*ACTIVITY*: Look through the records below for the line with "#136=DIRECTION('',(0.,-1.,0.));". Return that line and each one after it up to and including the line with "#169=DIRECTION('',(0.,0.,1.));", exactly.

*RECORDS PROVIDED*:

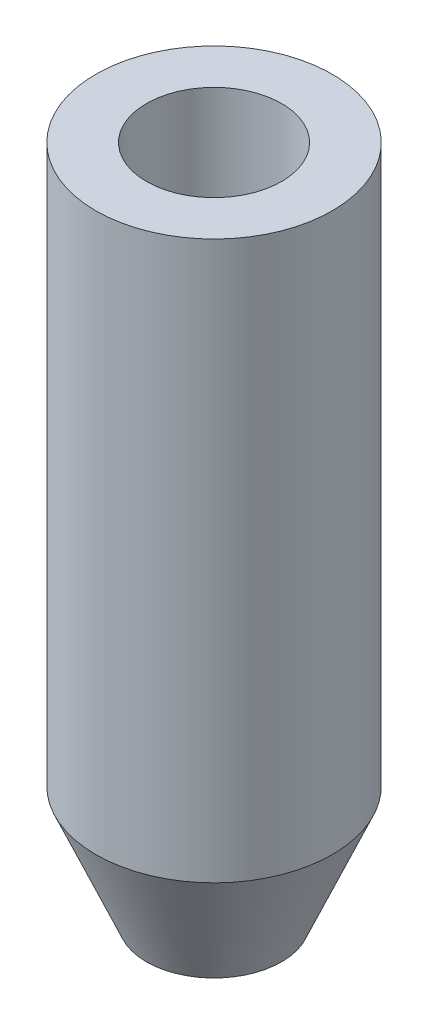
ISO-10303-21;
HEADER;
FILE_DESCRIPTION(('STEP AP214'),'2;1');
FILE_NAME('part.step','',(''),(''),'','','');
FILE_SCHEMA(('AUTOMOTIVE_DESIGN { 1 0 10303 214 1 1 1 1 }'));
ENDSEC;
DATA;
#1=APPLICATION_CONTEXT('core data for automotive mechanical design processes');
#2=APPLICATION_PROTOCOL_DEFINITION('international standard','automotive_design',2000,#1);
#3=PRODUCT_CONTEXT('',#1,'mechanical');
#4=PRODUCT('Part','Part','',(#3));
#5=PRODUCT_RELATED_PRODUCT_CATEGORY('part','',(#4));
#6=PRODUCT_DEFINITION_FORMATION('','',#4);
#7=PRODUCT_DEFINITION_CONTEXT('part definition',#1,'design');
#8=PRODUCT_DEFINITION('design','',#6,#7);
#9=PRODUCT_DEFINITION_SHAPE('','',#8);
#10=(LENGTH_UNIT() NAMED_UNIT(*) SI_UNIT(.MILLI.,.METRE.));
#11=(NAMED_UNIT(*) PLANE_ANGLE_UNIT() SI_UNIT($,.RADIAN.));
#12=(NAMED_UNIT(*) SI_UNIT($,.STERADIAN.) SOLID_ANGLE_UNIT());
#13=UNCERTAINTY_MEASURE_WITH_UNIT(LENGTH_MEASURE(1.E-05),#10,'distance_accuracy_value','');
#14=(GEOMETRIC_REPRESENTATION_CONTEXT(3) GLOBAL_UNCERTAINTY_ASSIGNED_CONTEXT((#13)) GLOBAL_UNIT_ASSIGNED_CONTEXT((#10,
#11,#12)) REPRESENTATION_CONTEXT('',''));
#15=CARTESIAN_POINT('',(0.,0.,0.));
#16=DIRECTION('',(0.,0.,1.));
#17=DIRECTION('',(1.,0.,0.));
#18=AXIS2_PLACEMENT_3D('',#15,#16,#17);
#19=CARTESIAN_POINT('',(0.,10.,0.));
#20=DIRECTION('',(0.,-1.,0.));
#21=DIRECTION('',(0.,0.,-1.));
#22=AXIS2_PLACEMENT_3D('',#19,#20,#21);
#23=CYLINDRICAL_SURFACE('',#22,0.875);
#24=CARTESIAN_POINT('',(0.,-6.5,0.));
#25=DIRECTION('',(0.,-1.,0.));
#26=DIRECTION('',(0.,0.,-1.));
#27=AXIS2_PLACEMENT_3D('',#24,#25,#26);
#28=CIRCLE('',#27,0.875);
#29=CARTESIAN_POINT('',(0.,-6.5,-0.875));
#30=VERTEX_POINT('',#29);
#31=EDGE_CURVE('E50',#30,#30,#28,.F.);
#32=ORIENTED_EDGE('',*,*,#31,.F.);
#33=EDGE_LOOP('',(#32));
#34=FACE_BOUND('',#33,.T.);
#35=CARTESIAN_POINT('',(0.,5.,0.));
#36=DIRECTION('',(0.,1.,0.));
#37=DIRECTION('',(0.,0.,1.));
#38=AXIS2_PLACEMENT_3D('',#35,#36,#37);
#39=CIRCLE('',#38,0.875);
#40=CARTESIAN_POINT('',(0.,5.,0.875));
#41=VERTEX_POINT('',#40);
#42=EDGE_CURVE('E38',#41,#41,#39,.F.);
#43=ORIENTED_EDGE('',*,*,#42,.F.);
#44=EDGE_LOOP('',(#43));
#45=FACE_BOUND('',#44,.T.);
#46=ADVANCED_FACE('F33',(#34,#45),#23,.F.);
#47=CARTESIAN_POINT('',(0.,10.,0.));
#48=DIRECTION('',(0.,-1.,0.));
#49=DIRECTION('',(0.,0.,-1.));
#50=AXIS2_PLACEMENT_3D('',#47,#48,#49);
#51=CYLINDRICAL_SURFACE('',#50,3.5);
#52=CARTESIAN_POINT('',(0.,-6.49999999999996,0.));
#53=DIRECTION('',(0.,1.,0.));
#54=DIRECTION('',(0.,0.,1.));
#55=AXIS2_PLACEMENT_3D('',#52,#53,#54);
#56=CIRCLE('',#55,3.5);
#57=CARTESIAN_POINT('',(0.,-6.49999999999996,3.5));
#58=VERTEX_POINT('',#57);
#59=EDGE_CURVE('E42',#58,#58,#56,.T.);
#60=ORIENTED_EDGE('',*,*,#59,.T.);
#61=EDGE_LOOP('',(#60));
#62=FACE_BOUND('',#61,.T.);
#63=CARTESIAN_POINT('',(0.,10.,0.));
#64=DIRECTION('',(0.,1.,0.));
#65=DIRECTION('',(0.,0.,1.));
#66=AXIS2_PLACEMENT_3D('',#63,#64,#65);
#67=CIRCLE('',#66,3.5);
#68=CARTESIAN_POINT('',(0.,10.,3.5));
#69=VERTEX_POINT('',#68);
#70=EDGE_CURVE('E47',#69,#69,#67,.T.);
#71=ORIENTED_EDGE('',*,*,#70,.F.);
#72=EDGE_LOOP('',(#71));
#73=FACE_BOUND('',#72,.T.);
#74=ADVANCED_FACE('F77',(#62,#73),#51,.T.);
#75=CARTESIAN_POINT('',(0.,10.,0.));
#76=DIRECTION('',(0.,1.,0.));
#77=DIRECTION('',(0.,0.,1.));
#78=AXIS2_PLACEMENT_3D('',#75,#76,#77);
#79=PLANE('',#78);
#80=CARTESIAN_POINT('',(0.,10.,0.));
#81=DIRECTION('',(0.,1.,0.));
#82=DIRECTION('',(0.,0.,1.));
#83=AXIS2_PLACEMENT_3D('',#80,#81,#82);
#84=CIRCLE('',#83,2.);
#85=CARTESIAN_POINT('',(0.,10.,2.));
#86=VERTEX_POINT('',#85);
#87=EDGE_CURVE('E64',#86,#86,#84,.T.);
#88=ORIENTED_EDGE('',*,*,#87,.F.);
#89=EDGE_LOOP('',(#88));
#90=FACE_BOUND('',#89,.T.);
#91=ORIENTED_EDGE('',*,*,#70,.T.);
#92=EDGE_LOOP('',(#91));
#93=FACE_BOUND('',#92,.T.);
#94=ADVANCED_FACE('F83',(#90,#93),#79,.T.);
#95=CARTESIAN_POINT('',(0.,-10.,0.));
#96=DIRECTION('',(0.,1.,0.));
#97=DIRECTION('',(0.,0.,1.));
#98=AXIS2_PLACEMENT_3D('',#95,#96,#97);
#99=PLANE('',#98);
#100=CARTESIAN_POINT('',(0.,-10.,0.));
#101=DIRECTION('',(0.,-1.,0.));
#102=DIRECTION('',(0.,0.,-1.));
#103=AXIS2_PLACEMENT_3D('',#100,#101,#102);
#104=CIRCLE('',#103,1.35);
#105=CARTESIAN_POINT('',(0.,-10.,-1.35));
#106=VERTEX_POINT('',#105);
#107=EDGE_CURVE('E57',#106,#106,#104,.T.);
#108=ORIENTED_EDGE('',*,*,#107,.F.);
#109=EDGE_LOOP('',(#108));
#110=FACE_BOUND('',#109,.T.);
#111=CARTESIAN_POINT('',(0.,-10.,0.));
#112=DIRECTION('',(0.,1.,0.));
#113=DIRECTION('',(0.,0.,1.));
#114=AXIS2_PLACEMENT_3D('',#111,#112,#113);
#115=CIRCLE('',#114,1.99999999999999);
#116=CARTESIAN_POINT('',(0.,-10.,1.99999999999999));
#117=VERTEX_POINT('',#116);
#118=EDGE_CURVE('E10',#117,#117,#115,.F.);
#119=ORIENTED_EDGE('',*,*,#118,.T.);
#120=EDGE_LOOP('',(#119));
#121=FACE_BOUND('',#120,.T.);
#122=ADVANCED_FACE('F91',(#110,#121),#99,.F.);
#123=CARTESIAN_POINT('',(0.,-6.49999999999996,0.));
#124=DIRECTION('',(0.,1.,0.));
#125=DIRECTION('',(0.,0.,1.));
#126=AXIS2_PLACEMENT_3D('',#123,#124,#125);
#127=CONICAL_SURFACE('',#126,3.5,0.404891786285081);
#128=ORIENTED_EDGE('',*,*,#118,.F.);
#129=EDGE_LOOP('',(#128));
#130=FACE_BOUND('',#129,.T.);
#131=ORIENTED_EDGE('',*,*,#59,.F.);
#132=EDGE_LOOP('',(#131));
#133=FACE_BOUND('',#132,.T.);
#134=ADVANCED_FACE('F36',(#130,#133),#127,.T.);
#135=CARTESIAN_POINT('',(0.,-6.5,0.));
#136=DIRECTION('',(0.,-1.,0.));
#137=DIRECTION('',(0.,0.,-1.));
#138=AXIS2_PLACEMENT_3D('',#135,#136,#137);
#139=PLANE('',#138);
#140=CARTESIAN_POINT('',(0.,-6.5,0.));
#141=DIRECTION('',(0.,-1.,0.));
#142=DIRECTION('',(0.,0.,-1.));
#143=AXIS2_PLACEMENT_3D('',#140,#141,#142);
#144=CIRCLE('',#143,1.35);
#145=CARTESIAN_POINT('',(0.,-6.5,-1.35));
#146=VERTEX_POINT('',#145);
#147=EDGE_CURVE('E52',#146,#146,#144,.T.);
#148=ORIENTED_EDGE('',*,*,#147,.T.);
#149=EDGE_LOOP('',(#148));
#150=FACE_BOUND('',#149,.T.);
#151=ORIENTED_EDGE('',*,*,#31,.T.);
#152=EDGE_LOOP('',(#151));
#153=FACE_BOUND('',#152,.T.);
#154=ADVANCED_FACE('F98',(#150,#153),#139,.T.);
#155=CARTESIAN_POINT('',(0.,-6.5,0.));
#156=DIRECTION('',(0.,-1.,0.));
#157=DIRECTION('',(0.,0.,-1.));
#158=AXIS2_PLACEMENT_3D('',#155,#156,#157);
#159=CYLINDRICAL_SURFACE('',#158,1.35);
#160=ORIENTED_EDGE('',*,*,#147,.F.);
#161=EDGE_LOOP('',(#160));
#162=FACE_BOUND('',#161,.T.);
#163=ORIENTED_EDGE('',*,*,#107,.T.);
#164=EDGE_LOOP('',(#163));
#165=FACE_BOUND('',#164,.T.);
#166=ADVANCED_FACE('F87',(#162,#165),#159,.F.);
#167=CARTESIAN_POINT('',(0.,5.,0.));
#168=DIRECTION('',(0.,1.,0.));
#169=DIRECTION('',(0.,0.,1.));
#170=AXIS2_PLACEMENT_3D('',#167,#168,#169);
#171=PLANE('',#170);
#172=CARTESIAN_POINT('',(0.,5.,0.));
#173=DIRECTION('',(0.,1.,0.));
#174=DIRECTION('',(0.,0.,1.));
#175=AXIS2_PLACEMENT_3D('',#172,#173,#174);
#176=CIRCLE('',#175,2.);
#177=CARTESIAN_POINT('',(0.,5.,2.));
#178=VERTEX_POINT('',#177);
#179=EDGE_CURVE('E67',#178,#178,#176,.T.);
#180=ORIENTED_EDGE('',*,*,#179,.T.);
#181=EDGE_LOOP('',(#180));
#182=FACE_BOUND('',#181,.T.);
#183=ORIENTED_EDGE('',*,*,#42,.T.);
#184=EDGE_LOOP('',(#183));
#185=FACE_BOUND('',#184,.T.);
#186=ADVANCED_FACE('F74',(#182,#185),#171,.T.);
#187=CARTESIAN_POINT('',(0.,5.,0.));
#188=DIRECTION('',(0.,1.,0.));
#189=DIRECTION('',(0.,0.,1.));
#190=AXIS2_PLACEMENT_3D('',#187,#188,#189);
#191=CYLINDRICAL_SURFACE('',#190,2.);
#192=ORIENTED_EDGE('',*,*,#179,.F.);
#193=EDGE_LOOP('',(#192));
#194=FACE_BOUND('',#193,.T.);
#195=ORIENTED_EDGE('',*,*,#87,.T.);
#196=EDGE_LOOP('',(#195));
#197=FACE_BOUND('',#196,.T.);
#198=ADVANCED_FACE('F108',(#194,#197),#191,.F.);
#199=CLOSED_SHELL('',(#46,#74,#94,#122,#134,#154,#166,#186,#198));
#200=MANIFOLD_SOLID_BREP('B2',#199);
#201=ADVANCED_BREP_SHAPE_REPRESENTATION('',(#18,#200),#14);
#202=SHAPE_DEFINITION_REPRESENTATION(#9,#201);
ENDSEC;
END-ISO-10303-21;

*SOLVED PROBLEM*:
#136=DIRECTION('',(0.,-1.,0.));
#137=DIRECTION('',(0.,0.,-1.));
#138=AXIS2_PLACEMENT_3D('',#135,#136,#137);
#139=PLANE('',#138);
#140=CARTESIAN_POINT('',(0.,-6.5,0.));
#141=DIRECTION('',(0.,-1.,0.));
#142=DIRECTION('',(0.,0.,-1.));
#143=AXIS2_PLACEMENT_3D('',#140,#141,#142);
#144=CIRCLE('',#143,1.35);
#145=CARTESIAN_POINT('',(0.,-6.5,-1.35));
#146=VERTEX_POINT('',#145);
#147=EDGE_CURVE('E52',#146,#146,#144,.T.);
#148=ORIENTED_EDGE('',*,*,#147,.T.);
#149=EDGE_LOOP('',(#148));
#150=FACE_BOUND('',#149,.T.);
#151=ORIENTED_EDGE('',*,*,#31,.T.);
#152=EDGE_LOOP('',(#151));
#153=FACE_BOUND('',#152,.T.);
#154=ADVANCED_FACE('F98',(#150,#153),#139,.T.);
#155=CARTESIAN_POINT('',(0.,-6.5,0.));
#156=DIRECTION('',(0.,-1.,0.));
#157=DIRECTION('',(0.,0.,-1.));
#158=AXIS2_PLACEMENT_3D('',#155,#156,#157);
#159=CYLINDRICAL_SURFACE('',#158,1.35);
#160=ORIENTED_EDGE('',*,*,#147,.F.);
#161=EDGE_LOOP('',(#160));
#162=FACE_BOUND('',#161,.T.);
#163=ORIENTED_EDGE('',*,*,#107,.T.);
#164=EDGE_LOOP('',(#163));
#165=FACE_BOUND('',#164,.T.);
#166=ADVANCED_FACE('F87',(#162,#165),#159,.F.);
#167=CARTESIAN_POINT('',(0.,5.,0.));
#168=DIRECTION('',(0.,1.,0.));
#169=DIRECTION('',(0.,0.,1.));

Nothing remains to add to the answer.